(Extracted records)
Start of Block
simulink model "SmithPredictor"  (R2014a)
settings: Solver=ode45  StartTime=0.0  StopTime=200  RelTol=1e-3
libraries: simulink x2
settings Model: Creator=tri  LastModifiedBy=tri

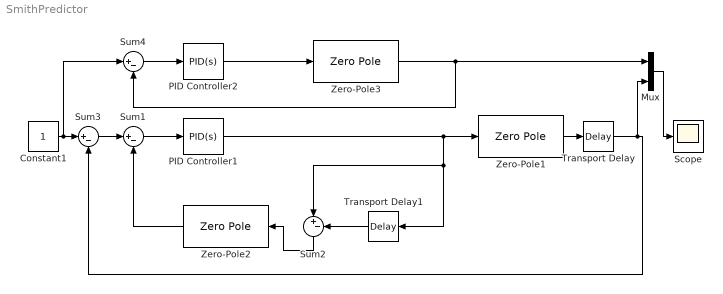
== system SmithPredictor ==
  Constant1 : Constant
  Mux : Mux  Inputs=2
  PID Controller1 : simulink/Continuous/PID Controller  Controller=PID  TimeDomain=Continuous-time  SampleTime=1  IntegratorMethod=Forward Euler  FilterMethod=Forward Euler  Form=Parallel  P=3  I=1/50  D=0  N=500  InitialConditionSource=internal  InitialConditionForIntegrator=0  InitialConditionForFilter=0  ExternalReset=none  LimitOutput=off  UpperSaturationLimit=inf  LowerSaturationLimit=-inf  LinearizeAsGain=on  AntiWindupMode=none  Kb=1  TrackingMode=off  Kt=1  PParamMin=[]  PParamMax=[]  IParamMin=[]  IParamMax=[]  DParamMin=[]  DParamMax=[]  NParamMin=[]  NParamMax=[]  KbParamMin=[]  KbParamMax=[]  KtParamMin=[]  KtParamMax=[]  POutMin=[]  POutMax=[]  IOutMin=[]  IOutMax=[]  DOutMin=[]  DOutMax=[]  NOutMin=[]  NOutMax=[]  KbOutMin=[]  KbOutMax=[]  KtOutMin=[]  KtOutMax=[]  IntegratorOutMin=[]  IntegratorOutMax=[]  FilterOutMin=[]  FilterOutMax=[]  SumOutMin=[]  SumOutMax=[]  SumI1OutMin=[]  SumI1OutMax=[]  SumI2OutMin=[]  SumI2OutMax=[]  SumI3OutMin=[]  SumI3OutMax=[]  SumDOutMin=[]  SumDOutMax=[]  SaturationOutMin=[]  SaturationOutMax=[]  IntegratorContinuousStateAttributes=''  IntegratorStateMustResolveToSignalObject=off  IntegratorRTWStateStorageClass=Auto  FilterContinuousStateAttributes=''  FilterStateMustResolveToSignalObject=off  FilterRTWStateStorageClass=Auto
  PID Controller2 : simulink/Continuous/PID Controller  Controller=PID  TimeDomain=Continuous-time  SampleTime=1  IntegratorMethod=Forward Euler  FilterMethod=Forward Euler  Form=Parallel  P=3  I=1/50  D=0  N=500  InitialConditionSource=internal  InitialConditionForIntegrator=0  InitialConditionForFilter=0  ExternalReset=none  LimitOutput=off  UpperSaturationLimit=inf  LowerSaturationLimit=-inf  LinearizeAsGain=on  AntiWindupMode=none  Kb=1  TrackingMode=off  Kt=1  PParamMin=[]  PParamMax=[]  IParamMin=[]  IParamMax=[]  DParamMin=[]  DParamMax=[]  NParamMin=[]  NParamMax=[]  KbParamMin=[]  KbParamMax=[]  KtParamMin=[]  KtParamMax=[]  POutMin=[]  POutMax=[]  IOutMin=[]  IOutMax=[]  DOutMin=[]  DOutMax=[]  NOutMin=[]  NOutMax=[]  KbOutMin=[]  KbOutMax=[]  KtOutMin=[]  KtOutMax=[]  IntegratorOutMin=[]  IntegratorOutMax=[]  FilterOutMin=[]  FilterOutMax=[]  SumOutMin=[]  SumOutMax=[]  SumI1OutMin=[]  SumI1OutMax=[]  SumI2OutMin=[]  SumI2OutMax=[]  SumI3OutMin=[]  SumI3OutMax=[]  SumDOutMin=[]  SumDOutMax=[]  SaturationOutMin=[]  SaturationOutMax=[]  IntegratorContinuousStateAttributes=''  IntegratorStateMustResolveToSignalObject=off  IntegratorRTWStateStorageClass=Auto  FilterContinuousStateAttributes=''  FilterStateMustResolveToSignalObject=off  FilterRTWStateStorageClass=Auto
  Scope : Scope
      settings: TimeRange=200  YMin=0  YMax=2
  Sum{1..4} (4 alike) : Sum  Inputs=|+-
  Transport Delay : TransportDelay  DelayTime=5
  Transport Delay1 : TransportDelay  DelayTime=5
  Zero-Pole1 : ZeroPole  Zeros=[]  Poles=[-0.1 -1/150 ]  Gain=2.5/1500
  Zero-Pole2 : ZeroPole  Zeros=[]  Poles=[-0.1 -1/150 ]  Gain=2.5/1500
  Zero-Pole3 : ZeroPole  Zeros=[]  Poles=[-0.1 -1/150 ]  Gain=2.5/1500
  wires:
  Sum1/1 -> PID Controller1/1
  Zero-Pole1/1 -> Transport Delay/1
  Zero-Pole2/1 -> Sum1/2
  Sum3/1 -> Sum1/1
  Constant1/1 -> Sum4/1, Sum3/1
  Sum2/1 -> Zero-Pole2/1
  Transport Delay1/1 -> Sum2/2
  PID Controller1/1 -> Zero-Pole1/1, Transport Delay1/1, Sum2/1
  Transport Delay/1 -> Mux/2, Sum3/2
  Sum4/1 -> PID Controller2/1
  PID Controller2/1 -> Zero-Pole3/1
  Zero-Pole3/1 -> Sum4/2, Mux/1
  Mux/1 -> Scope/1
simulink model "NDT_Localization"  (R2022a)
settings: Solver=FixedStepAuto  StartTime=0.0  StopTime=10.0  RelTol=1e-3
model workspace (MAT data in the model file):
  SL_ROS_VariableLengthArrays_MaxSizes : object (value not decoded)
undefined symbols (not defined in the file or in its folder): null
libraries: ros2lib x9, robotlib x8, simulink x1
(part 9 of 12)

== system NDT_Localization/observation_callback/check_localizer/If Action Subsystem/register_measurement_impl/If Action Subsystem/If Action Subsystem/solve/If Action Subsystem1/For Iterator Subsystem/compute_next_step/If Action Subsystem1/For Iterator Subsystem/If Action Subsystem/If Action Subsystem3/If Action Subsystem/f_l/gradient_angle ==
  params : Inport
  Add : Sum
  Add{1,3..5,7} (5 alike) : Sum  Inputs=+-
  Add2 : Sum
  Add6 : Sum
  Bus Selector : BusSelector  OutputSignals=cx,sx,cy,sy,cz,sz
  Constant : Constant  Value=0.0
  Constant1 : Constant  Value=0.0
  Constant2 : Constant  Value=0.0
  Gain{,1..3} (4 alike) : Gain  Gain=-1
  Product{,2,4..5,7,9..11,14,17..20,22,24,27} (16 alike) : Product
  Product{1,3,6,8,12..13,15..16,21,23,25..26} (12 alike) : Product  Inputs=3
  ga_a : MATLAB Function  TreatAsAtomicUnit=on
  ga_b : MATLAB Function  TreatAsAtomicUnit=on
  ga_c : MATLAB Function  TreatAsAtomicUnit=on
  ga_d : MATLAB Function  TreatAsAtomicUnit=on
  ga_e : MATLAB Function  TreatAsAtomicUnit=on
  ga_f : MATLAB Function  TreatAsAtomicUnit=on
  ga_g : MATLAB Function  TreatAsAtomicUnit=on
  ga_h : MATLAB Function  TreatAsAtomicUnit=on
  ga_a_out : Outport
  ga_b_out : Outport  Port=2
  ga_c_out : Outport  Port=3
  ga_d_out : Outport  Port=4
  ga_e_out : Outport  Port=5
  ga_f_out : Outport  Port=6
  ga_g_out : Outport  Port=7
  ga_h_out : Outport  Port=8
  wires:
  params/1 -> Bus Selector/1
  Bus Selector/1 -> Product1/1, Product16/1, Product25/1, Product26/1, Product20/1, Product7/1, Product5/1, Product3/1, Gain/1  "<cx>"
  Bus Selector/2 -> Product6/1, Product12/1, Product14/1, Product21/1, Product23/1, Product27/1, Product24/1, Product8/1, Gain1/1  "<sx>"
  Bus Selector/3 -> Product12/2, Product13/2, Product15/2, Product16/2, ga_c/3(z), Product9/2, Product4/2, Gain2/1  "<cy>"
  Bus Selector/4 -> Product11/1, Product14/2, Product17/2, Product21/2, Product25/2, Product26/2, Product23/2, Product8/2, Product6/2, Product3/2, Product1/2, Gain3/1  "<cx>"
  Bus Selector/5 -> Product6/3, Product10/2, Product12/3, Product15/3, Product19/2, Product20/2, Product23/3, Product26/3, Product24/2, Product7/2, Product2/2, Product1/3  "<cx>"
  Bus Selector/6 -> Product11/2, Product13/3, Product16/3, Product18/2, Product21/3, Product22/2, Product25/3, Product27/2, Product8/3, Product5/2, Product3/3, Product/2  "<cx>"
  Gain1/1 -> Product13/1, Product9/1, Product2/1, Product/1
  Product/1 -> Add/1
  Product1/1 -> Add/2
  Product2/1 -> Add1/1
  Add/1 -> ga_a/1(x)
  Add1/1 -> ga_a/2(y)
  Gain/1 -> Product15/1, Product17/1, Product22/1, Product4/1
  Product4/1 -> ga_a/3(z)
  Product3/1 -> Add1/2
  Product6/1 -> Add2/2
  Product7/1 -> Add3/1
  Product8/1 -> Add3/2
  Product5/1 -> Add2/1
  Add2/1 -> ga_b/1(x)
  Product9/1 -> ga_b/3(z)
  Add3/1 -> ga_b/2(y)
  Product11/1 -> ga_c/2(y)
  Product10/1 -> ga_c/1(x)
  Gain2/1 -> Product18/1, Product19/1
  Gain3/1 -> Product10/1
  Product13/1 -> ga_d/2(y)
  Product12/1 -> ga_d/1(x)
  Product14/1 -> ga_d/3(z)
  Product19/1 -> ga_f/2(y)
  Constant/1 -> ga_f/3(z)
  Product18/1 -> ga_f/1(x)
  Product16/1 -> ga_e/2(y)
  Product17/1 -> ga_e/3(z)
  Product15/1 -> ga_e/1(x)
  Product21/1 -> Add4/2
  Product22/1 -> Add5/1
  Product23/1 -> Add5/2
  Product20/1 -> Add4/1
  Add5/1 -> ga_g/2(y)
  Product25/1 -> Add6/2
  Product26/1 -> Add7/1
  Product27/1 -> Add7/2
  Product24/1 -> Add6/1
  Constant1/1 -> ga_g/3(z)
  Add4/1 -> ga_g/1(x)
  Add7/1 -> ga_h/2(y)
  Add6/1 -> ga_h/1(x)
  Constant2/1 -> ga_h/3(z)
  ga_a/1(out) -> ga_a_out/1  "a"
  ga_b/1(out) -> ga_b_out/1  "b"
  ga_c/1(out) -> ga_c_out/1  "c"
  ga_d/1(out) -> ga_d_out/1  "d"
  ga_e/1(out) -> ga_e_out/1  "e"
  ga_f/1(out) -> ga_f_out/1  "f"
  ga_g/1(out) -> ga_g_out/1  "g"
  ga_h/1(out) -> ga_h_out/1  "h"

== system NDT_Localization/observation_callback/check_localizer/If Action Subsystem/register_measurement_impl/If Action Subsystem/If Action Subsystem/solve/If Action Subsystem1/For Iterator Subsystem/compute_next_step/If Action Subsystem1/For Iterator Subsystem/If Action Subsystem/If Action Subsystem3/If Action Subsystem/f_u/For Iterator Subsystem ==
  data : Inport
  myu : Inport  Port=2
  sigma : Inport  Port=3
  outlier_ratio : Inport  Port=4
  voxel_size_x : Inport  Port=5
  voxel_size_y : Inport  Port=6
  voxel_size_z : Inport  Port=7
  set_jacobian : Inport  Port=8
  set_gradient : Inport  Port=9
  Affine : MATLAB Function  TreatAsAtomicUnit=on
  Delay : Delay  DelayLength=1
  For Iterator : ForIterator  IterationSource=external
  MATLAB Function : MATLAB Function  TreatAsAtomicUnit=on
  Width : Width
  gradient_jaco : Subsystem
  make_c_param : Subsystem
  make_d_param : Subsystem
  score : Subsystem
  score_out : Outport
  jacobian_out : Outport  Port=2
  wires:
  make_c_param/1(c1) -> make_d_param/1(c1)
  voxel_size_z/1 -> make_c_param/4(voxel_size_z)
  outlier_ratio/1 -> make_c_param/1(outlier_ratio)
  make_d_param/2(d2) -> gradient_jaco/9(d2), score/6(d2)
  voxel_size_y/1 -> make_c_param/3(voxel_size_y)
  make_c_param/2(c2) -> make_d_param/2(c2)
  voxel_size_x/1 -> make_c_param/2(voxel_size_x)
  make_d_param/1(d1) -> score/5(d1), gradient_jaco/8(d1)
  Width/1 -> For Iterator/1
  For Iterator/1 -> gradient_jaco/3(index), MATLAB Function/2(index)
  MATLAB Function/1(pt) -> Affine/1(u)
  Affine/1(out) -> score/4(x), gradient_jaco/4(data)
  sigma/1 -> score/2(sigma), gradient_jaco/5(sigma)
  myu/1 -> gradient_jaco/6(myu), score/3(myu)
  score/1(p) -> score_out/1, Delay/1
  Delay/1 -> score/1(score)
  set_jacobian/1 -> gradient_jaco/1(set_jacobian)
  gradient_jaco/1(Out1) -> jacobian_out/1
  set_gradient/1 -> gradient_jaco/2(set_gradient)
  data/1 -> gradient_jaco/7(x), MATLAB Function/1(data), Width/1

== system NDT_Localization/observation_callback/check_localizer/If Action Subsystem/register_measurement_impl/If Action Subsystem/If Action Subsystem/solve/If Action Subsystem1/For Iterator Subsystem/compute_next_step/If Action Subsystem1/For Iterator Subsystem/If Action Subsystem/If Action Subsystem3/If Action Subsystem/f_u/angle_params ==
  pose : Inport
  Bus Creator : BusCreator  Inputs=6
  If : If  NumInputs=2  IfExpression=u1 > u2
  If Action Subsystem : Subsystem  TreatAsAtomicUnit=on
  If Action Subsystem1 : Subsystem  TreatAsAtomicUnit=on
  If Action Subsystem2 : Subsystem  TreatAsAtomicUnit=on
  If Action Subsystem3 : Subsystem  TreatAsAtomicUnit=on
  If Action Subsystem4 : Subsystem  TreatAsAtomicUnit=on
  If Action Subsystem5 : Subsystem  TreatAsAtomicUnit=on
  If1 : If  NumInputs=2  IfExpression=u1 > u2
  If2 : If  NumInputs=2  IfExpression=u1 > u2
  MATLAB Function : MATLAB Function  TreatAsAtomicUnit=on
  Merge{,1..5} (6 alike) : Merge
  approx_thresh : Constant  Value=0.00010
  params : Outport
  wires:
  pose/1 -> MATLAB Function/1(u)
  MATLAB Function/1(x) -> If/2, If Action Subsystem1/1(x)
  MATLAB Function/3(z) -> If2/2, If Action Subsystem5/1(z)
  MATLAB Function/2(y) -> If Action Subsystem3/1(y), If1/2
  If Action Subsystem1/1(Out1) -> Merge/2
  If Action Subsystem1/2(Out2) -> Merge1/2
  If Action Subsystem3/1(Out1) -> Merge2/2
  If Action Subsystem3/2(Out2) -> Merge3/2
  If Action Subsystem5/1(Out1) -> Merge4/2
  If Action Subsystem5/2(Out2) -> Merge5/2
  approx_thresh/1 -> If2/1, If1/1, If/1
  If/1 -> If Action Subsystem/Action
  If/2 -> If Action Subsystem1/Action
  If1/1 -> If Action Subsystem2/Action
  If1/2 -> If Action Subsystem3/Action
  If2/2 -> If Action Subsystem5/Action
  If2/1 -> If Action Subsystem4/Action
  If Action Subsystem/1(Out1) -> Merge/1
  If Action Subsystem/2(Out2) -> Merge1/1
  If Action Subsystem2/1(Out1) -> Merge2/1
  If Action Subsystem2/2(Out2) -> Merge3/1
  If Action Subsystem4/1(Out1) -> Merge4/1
End of Block
**WHAT TO WORK ON**:
Given the data above, transcribe exactly the lines from the one containing "ga_c/1(out) -> ga_c_out/1" down to the one containing "make_d_param/1(d1) -> score/5(d1), gradient_jaco/8(d1)", and no others.

**WRITTEN ANSWER**:
  ga_c/1(out) -> ga_c_out/1  "c"
  ga_d/1(out) -> ga_d_out/1  "d"
  ga_e/1(out) -> ga_e_out/1  "e"
  ga_f/1(out) -> ga_f_out/1  "f"
  ga_g/1(out) -> ga_g_out/1  "g"
  ga_h/1(out) -> ga_h_out/1  "h"

== system NDT_Localization/observation_callback/check_localizer/If Action Subsystem/register_measurement_impl/If Action Subsystem/If Action Subsystem/solve/If Action Subsystem1/For Iterator Subsystem/compute_next_step/If Action Subsystem1/For Iterator Subsystem/If Action Subsystem/If Action Subsystem3/If Action Subsystem/f_u/For Iterator Subsystem ==
  data : Inport
  myu : Inport  Port=2
  sigma : Inport  Port=3
  outlier_ratio : Inport  Port=4
  voxel_size_x : Inport  Port=5
  voxel_size_y : Inport  Port=6
  voxel_size_z : Inport  Port=7
  set_jacobian : Inport  Port=8
  set_gradient : Inport  Port=9
  Affine : MATLAB Function  TreatAsAtomicUnit=on
  Delay : Delay  DelayLength=1
  For Iterator : ForIterator  IterationSource=external
  MATLAB Function : MATLAB Function  TreatAsAtomicUnit=on
  Width : Width
  gradient_jaco : Subsystem
  make_c_param : Subsystem
  make_d_param : Subsystem
  score : Subsystem
  score_out : Outport
  jacobian_out : Outport  Port=2
  wires:
  make_c_param/1(c1) -> make_d_param/1(c1)
  voxel_size_z/1 -> make_c_param/4(voxel_size_z)
  outlier_ratio/1 -> make_c_param/1(outlier_ratio)
  make_d_param/2(d2) -> gradient_jaco/9(d2), score/6(d2)
  voxel_size_y/1 -> make_c_param/3(voxel_size_y)
  make_c_param/2(c2) -> make_d_param/2(c2)
  voxel_size_x/1 -> make_c_param/2(voxel_size_x)
  make_d_param/1(d1) -> score/5(d1), gradient_jaco/8(d1)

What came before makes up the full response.